Les assassins qui sont passés à travers les filets de la police ou de la gendarmerie française il y a des dizaines d’années vont devoir retenir son nom, car c’est désormais leur meilleur ennemi : Anacrim.

Sans ce logiciel de pointe, l‘énorme dossier de l’affaire Grégory, l’une des plus mystérieuses et marquantes de la fin du XXe siècle, reposerait définitivement dans une salle de tribunal. 33 ans après le crime du petit Grégory Villemin, qui avait 4 ans, dans le département des Vosges, Anacrim a permis au Service central du renseignement criminel de la gendarmerie de revisiter toute l’enquête et de retrouver peut-être la bonne piste.


Pas moins de 12 000 pièces ont été entassées depuis le drame, la découverte du corps de l’enfant dans la rivière Vologne le 16 octobre 1984. L’enquête avait été rouverte en 1999, puis en 2008, dans l’espoir de découvrir encore des traces d’ADN sur les scellés, mais la police scientifique et technique avait fait chou blanc.

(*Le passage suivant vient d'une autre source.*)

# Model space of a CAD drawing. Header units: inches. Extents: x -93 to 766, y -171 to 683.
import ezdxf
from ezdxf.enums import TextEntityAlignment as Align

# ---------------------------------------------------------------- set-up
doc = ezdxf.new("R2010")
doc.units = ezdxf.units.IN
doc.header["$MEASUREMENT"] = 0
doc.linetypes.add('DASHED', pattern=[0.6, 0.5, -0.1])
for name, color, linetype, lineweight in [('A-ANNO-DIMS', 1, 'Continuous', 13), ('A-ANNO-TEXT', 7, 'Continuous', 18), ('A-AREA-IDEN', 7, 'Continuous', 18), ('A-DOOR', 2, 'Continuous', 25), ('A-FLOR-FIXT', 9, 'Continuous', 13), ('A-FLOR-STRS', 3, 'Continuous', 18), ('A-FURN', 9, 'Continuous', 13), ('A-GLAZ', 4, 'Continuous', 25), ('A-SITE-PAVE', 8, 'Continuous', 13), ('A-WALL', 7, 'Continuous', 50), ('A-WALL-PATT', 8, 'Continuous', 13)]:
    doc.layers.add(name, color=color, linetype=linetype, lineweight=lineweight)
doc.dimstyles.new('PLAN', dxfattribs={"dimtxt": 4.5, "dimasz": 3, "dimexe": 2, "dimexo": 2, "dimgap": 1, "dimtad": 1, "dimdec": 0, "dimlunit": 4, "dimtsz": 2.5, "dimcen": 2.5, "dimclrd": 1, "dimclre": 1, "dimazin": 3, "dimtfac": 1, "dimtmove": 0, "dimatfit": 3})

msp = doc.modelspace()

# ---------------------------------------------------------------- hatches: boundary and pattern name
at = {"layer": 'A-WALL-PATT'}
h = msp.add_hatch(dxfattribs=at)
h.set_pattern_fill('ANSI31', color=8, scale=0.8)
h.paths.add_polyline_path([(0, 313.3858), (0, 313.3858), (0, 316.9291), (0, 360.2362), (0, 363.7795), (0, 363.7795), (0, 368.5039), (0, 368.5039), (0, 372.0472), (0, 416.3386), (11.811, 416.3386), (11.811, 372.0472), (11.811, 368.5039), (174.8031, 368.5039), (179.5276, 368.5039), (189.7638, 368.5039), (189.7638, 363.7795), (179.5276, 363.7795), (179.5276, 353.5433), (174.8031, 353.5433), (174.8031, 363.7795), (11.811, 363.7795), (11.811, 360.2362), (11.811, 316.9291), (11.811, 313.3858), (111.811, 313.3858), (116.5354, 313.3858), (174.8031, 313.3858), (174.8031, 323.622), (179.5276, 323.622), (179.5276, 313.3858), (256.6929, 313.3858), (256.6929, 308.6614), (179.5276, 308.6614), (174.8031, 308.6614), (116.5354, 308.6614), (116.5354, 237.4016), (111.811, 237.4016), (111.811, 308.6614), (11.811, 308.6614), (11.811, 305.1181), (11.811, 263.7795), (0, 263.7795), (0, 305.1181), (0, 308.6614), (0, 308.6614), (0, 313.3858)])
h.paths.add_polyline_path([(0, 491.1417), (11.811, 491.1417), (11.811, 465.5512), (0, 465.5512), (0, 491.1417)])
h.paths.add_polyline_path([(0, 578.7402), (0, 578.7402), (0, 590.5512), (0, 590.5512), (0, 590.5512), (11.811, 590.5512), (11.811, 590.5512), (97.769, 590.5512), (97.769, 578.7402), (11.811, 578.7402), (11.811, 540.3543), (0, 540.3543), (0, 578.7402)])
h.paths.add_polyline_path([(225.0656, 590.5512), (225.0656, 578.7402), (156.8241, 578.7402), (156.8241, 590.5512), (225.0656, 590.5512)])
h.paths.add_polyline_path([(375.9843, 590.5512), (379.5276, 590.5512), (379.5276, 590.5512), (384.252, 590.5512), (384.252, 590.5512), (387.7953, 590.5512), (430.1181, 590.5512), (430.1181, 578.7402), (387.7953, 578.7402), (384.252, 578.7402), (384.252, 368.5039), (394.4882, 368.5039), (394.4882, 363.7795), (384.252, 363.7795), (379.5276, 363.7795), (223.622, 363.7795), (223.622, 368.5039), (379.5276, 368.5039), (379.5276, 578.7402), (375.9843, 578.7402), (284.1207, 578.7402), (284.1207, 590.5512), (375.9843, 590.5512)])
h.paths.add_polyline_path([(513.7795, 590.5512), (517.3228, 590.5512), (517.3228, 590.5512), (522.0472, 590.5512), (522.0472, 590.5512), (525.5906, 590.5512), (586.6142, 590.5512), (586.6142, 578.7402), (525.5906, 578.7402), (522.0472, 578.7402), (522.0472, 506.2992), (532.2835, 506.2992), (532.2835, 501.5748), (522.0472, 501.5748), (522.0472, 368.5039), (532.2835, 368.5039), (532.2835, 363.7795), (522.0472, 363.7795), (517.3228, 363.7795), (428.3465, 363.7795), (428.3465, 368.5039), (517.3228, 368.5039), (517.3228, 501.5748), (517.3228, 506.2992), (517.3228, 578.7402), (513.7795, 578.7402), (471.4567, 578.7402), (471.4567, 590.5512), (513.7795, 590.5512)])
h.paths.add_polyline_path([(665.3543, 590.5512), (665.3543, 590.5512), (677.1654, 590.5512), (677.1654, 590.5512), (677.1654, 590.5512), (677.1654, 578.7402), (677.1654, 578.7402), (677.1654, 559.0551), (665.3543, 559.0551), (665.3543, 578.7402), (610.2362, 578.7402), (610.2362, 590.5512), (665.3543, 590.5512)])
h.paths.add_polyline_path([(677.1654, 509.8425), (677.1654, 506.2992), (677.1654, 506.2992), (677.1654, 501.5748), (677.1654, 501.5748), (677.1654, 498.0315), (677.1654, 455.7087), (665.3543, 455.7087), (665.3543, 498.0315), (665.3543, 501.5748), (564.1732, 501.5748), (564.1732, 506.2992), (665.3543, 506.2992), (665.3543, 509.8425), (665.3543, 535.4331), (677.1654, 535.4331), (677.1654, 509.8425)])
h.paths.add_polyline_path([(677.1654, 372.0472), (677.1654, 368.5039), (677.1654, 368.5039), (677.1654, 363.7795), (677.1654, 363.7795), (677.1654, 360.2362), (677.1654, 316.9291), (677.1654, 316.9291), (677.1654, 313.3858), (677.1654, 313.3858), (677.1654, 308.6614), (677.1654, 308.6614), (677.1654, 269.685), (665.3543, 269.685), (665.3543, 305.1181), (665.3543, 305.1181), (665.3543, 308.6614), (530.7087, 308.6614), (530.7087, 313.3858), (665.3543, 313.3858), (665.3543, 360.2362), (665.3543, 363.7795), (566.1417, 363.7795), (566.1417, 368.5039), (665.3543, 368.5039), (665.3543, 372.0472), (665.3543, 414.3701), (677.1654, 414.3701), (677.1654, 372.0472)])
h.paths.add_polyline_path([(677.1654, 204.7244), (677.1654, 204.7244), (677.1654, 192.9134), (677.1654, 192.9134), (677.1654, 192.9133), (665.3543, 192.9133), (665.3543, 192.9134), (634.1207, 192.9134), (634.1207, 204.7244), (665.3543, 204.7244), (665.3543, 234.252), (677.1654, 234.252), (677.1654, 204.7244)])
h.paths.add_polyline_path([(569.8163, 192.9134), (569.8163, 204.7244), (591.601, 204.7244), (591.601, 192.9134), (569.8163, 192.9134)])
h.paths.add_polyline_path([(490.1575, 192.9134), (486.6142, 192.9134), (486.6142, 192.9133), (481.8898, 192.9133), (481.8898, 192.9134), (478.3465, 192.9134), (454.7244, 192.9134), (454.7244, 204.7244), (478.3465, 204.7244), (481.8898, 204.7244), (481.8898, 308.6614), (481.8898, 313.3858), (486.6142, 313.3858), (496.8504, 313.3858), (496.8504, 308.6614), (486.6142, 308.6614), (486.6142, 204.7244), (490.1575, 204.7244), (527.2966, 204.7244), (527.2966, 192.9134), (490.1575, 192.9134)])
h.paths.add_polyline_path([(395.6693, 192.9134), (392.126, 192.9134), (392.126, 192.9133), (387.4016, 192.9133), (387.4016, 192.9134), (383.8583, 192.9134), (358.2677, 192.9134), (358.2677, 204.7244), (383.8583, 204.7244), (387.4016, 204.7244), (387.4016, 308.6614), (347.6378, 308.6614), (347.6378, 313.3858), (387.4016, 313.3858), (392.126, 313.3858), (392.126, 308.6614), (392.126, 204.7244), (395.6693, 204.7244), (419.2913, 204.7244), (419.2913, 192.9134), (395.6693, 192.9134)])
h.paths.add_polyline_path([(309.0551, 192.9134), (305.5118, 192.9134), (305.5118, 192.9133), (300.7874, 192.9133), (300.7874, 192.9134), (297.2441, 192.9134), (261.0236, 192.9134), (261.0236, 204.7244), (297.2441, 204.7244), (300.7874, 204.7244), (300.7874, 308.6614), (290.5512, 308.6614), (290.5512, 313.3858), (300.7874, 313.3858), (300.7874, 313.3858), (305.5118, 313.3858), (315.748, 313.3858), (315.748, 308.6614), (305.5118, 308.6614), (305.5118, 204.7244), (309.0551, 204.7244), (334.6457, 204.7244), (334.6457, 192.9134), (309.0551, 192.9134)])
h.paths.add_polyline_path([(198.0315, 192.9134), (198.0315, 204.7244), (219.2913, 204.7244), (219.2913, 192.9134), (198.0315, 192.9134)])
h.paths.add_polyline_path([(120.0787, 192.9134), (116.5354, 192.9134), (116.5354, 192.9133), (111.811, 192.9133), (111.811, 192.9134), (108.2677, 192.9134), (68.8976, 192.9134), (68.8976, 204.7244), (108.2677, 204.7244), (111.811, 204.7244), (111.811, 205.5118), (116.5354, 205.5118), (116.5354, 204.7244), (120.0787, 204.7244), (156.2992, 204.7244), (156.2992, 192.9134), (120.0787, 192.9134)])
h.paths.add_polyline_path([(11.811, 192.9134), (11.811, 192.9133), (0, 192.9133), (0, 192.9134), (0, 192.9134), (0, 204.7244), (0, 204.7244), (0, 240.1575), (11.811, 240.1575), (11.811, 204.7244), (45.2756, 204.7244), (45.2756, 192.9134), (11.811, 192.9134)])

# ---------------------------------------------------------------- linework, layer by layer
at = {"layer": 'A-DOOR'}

Alors pourquoi s’acharner sans aucun élément nouveau ? Justement parce que le super logiciel permet de tout trier, les milliers de procès-verbaux, d’auditions de témoins, d’indices, de données techniques, puis de faire des recoupements, de souligner les incohérences dans un emploi du temps ou les contradictions dans certains témoignages… Bref d’apporter aux enquêteurs de nouvelles hypothèses, de suivre une piste ancienne mais avec une autre logique.


Un logiciel devenu indispensable

Dans l’affaire Grégory, grâce à Anacrim, les experts gendarmes ont particulièrement réussi à reconstituer la chronologie exacte des jours qui ont précédé et suivi le crime, en situant l’ensemble des protagonistes dans l’espace et le temps. Résultat : la garde à vue à Dijon de l’oncle maternel de Jean-Marie Villemin, le père de Grégory, et d’une belle-soeur.

Le logiciel d’analyse criminelle est devenu “un outil indispensable”, estime le colonel Berger, le chef du Bureau des affaires criminelles de la gendarmerie. “Le cerveau humain a ses limites, explique-t-il, il n’est pas toujours capable d’analyser des faits parfois anodins”. Environ 400 gendarmes sont formés à ce logiciel en France. Anacrim les a déjà aidé par exemple à prouver que le tueur Michel Fourniret avait commis des meurtres qui ne lui avaient pas été imputés auparavant.